▶ **Task description**: Make an exact copy of the records below, leaving every image out.

▶ **Material provided**:
::::

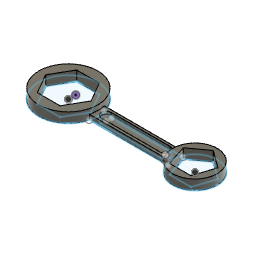
Assignment_02 (Autodesk Fusion 360 design; units mm, degrees)
Autodesk Fusion 360 part; units mm, degrees
note: some values were not read from the file. Set by a fixed rule: which sketch regions a step uses.
sketch "Sketch1" plane through (0, 0, 0) normal (0, 1, 0) x (1, 0, 0)
  line L0 (139.8981, -22.5) -> (146.6336, -1.7705)
  line L1 (146.6336, -1.7705) -> (129, 11.041)
  line L2 (129, 11.041) -> (111.3664, -1.7705)
  line L3 (111.3664, -1.7705) -> (118.1019, -22.5)
  line L4 (118.1019, -22.5) -> (139.8981, -22.5)
  line L5 (11.547, -27.5) -> (23.094, -7.5)
  line L6 (23.094, -7.5) -> (11.547, 12.5)
  line L7 (11.547, 12.5) -> (-11.547, 12.5)
  line L8 (-11.547, 12.5) -> (-23.094, -7.5)
  line L9 (-23.094, -7.5) -> (-11.547, -27.5)
  line L10 (-11.547, -27.5) -> (11.547, -27.5)
  circle A0 centre (0, -7.5) radius 30
  circle A1 centre (129, -7.5) radius 22.5
  line L11 (38.4299, -12.3139) -> (98.4299, -12.3139)
  line L12 (103.4299, -7.3139) -> (103.4299, -7.3123)
  line L13 (98.4299, -2.3142) -> (38.479, -2.3142)
  line L14 (38.7, -2.3142) -> (38.479, -2.3142)
  arc A2 (38.479, -2.3142) -> (38.4299, -12.3139) centre (38.4299, -7.3139) ccw
  arc A3 (103.4299, -7.3123) -> (98.4299, -2.3142) centre (98.4299, -7.3142) ccw
  arc A4 (98.4299, -12.3139) -> (103.4299, -7.3139) centre (98.4299, -7.3139) ccw
  line L15 (28.6408, -15) -> (109.0777, -15)
  line L16 (109.0777, 0) -> (28.6408, 0)
  point P0 (0, -7.5)
  point P1 (129, -7.5)
  point P2 (103.4299, -12.3139)
  dimension "d2" = 20
  dimension "d3" = 60
  dimension "d4" = 45
  dimension "d7" = 5
  constraint coincident P0 A0.centre
  constraint coincident P1 A1.centre
  constraint horizontal L11
  constraint horizontal L13
  constraint tangent L11 A2
  constraint tangent L13 A3
  constraint equal A2 A3
  constraint coincident P2 L11
  constraint coincident P2 L12
  constraint tangent L11 A4
  constraint tangent L12 A4
  constraint equal A2 A4
  constraint horizontal L14
  constraint horizontal L15
  constraint horizontal L16
  measures "d2" distance of P0 L10
  measures "d3" diameter of A0
  measures "d4" diameter of A1
  measures "d7" radius of A2
extrude "Extrude1" add sketch "Sketch1" along normal blind 10 contours A0 | A1 makes body 1 at (-13.6863, 6.6667, 34.1962) makes body 2 at (151.3882, 3.3333, 9.7403)
extrude "Extrude2" add sketch "Sketch1" along normal blind 5 contours A0 A1 L15 L16 bodies 1 2
extrude "Extrude3" add sketch "Sketch1" along normal blind 2.5 contours L11 L13 L14 A2 A3 A4 bodies 1

::::

▶ **Completed task**:
Assignment_02 (Autodesk Fusion 360 design; units mm, degrees)
Autodesk Fusion 360 part; units mm, degrees
note: some values were not read from the file. Set by a fixed rule: which sketch regions a step uses.
sketch "Sketch1" plane through (0, 0, 0) normal (0, 1, 0) x (1, 0, 0)
  line L0 (139.8981, -22.5) -> (146.6336, -1.7705)
  line L1 (146.6336, -1.7705) -> (129, 11.041)
  line L2 (129, 11.041) -> (111.3664, -1.7705)
  line L3 (111.3664, -1.7705) -> (118.1019, -22.5)
  line L4 (118.1019, -22.5) -> (139.8981, -22.5)
  line L5 (11.547, -27.5) -> (23.094, -7.5)
  line L6 (23.094, -7.5) -> (11.547, 12.5)
  line L7 (11.547, 12.5) -> (-11.547, 12.5)
  line L8 (-11.547, 12.5) -> (-23.094, -7.5)
  line L9 (-23.094, -7.5) -> (-11.547, -27.5)
  line L10 (-11.547, -27.5) -> (11.547, -27.5)
  circle A0 centre (0, -7.5) radius 30
  circle A1 centre (129, -7.5) radius 22.5
  line L11 (38.4299, -12.3139) -> (98.4299, -12.3139)
  line L12 (103.4299, -7.3139) -> (103.4299, -7.3123)
  line L13 (98.4299, -2.3142) -> (38.479, -2.3142)
  line L14 (38.7, -2.3142) -> (38.479, -2.3142)
  arc A2 (38.479, -2.3142) -> (38.4299, -12.3139) centre (38.4299, -7.3139) ccw
  arc A3 (103.4299, -7.3123) -> (98.4299, -2.3142) centre (98.4299, -7.3142) ccw
  arc A4 (98.4299, -12.3139) -> (103.4299, -7.3139) centre (98.4299, -7.3139) ccw
  line L15 (28.6408, -15) -> (109.0777, -15)
  line L16 (109.0777, 0) -> (28.6408, 0)
  point P0 (0, -7.5)
  point P1 (129, -7.5)
  point P2 (103.4299, -12.3139)
  dimension "d2" = 20
  dimension "d3" = 60
  dimension "d4" = 45
  dimension "d7" = 5
  constraint coincident P0 A0.centre
  constraint coincident P1 A1.centre
  constraint horizontal L11
  constraint horizontal L13
  constraint tangent L11 A2
  constraint tangent L13 A3
  constraint equal A2 A3
  constraint coincident P2 L11
  constraint coincident P2 L12
  constraint tangent L11 A4
  constraint tangent L12 A4
  constraint equal A2 A4
  constraint horizontal L14
  constraint horizontal L15
  constraint horizontal L16
  measures "d2" distance of P0 L10
  measures "d3" diameter of A0
  measures "d4" diameter of A1
  measures "d7" radius of A2
extrude "Extrude1" add sketch "Sketch1" along normal blind 10 contours A0 | A1 makes body 1 at (-13.6863, 6.6667, 34.1962) makes body 2 at (151.3882, 3.3333, 9.7403)
extrude "Extrude2" add sketch "Sketch1" along normal blind 5 contours A0 A1 L15 L16 bodies 1 2
extrude "Extrude3" add sketch "Sketch1" along normal blind 2.5 contours L11 L13 L14 A2 A3 A4 bodies 1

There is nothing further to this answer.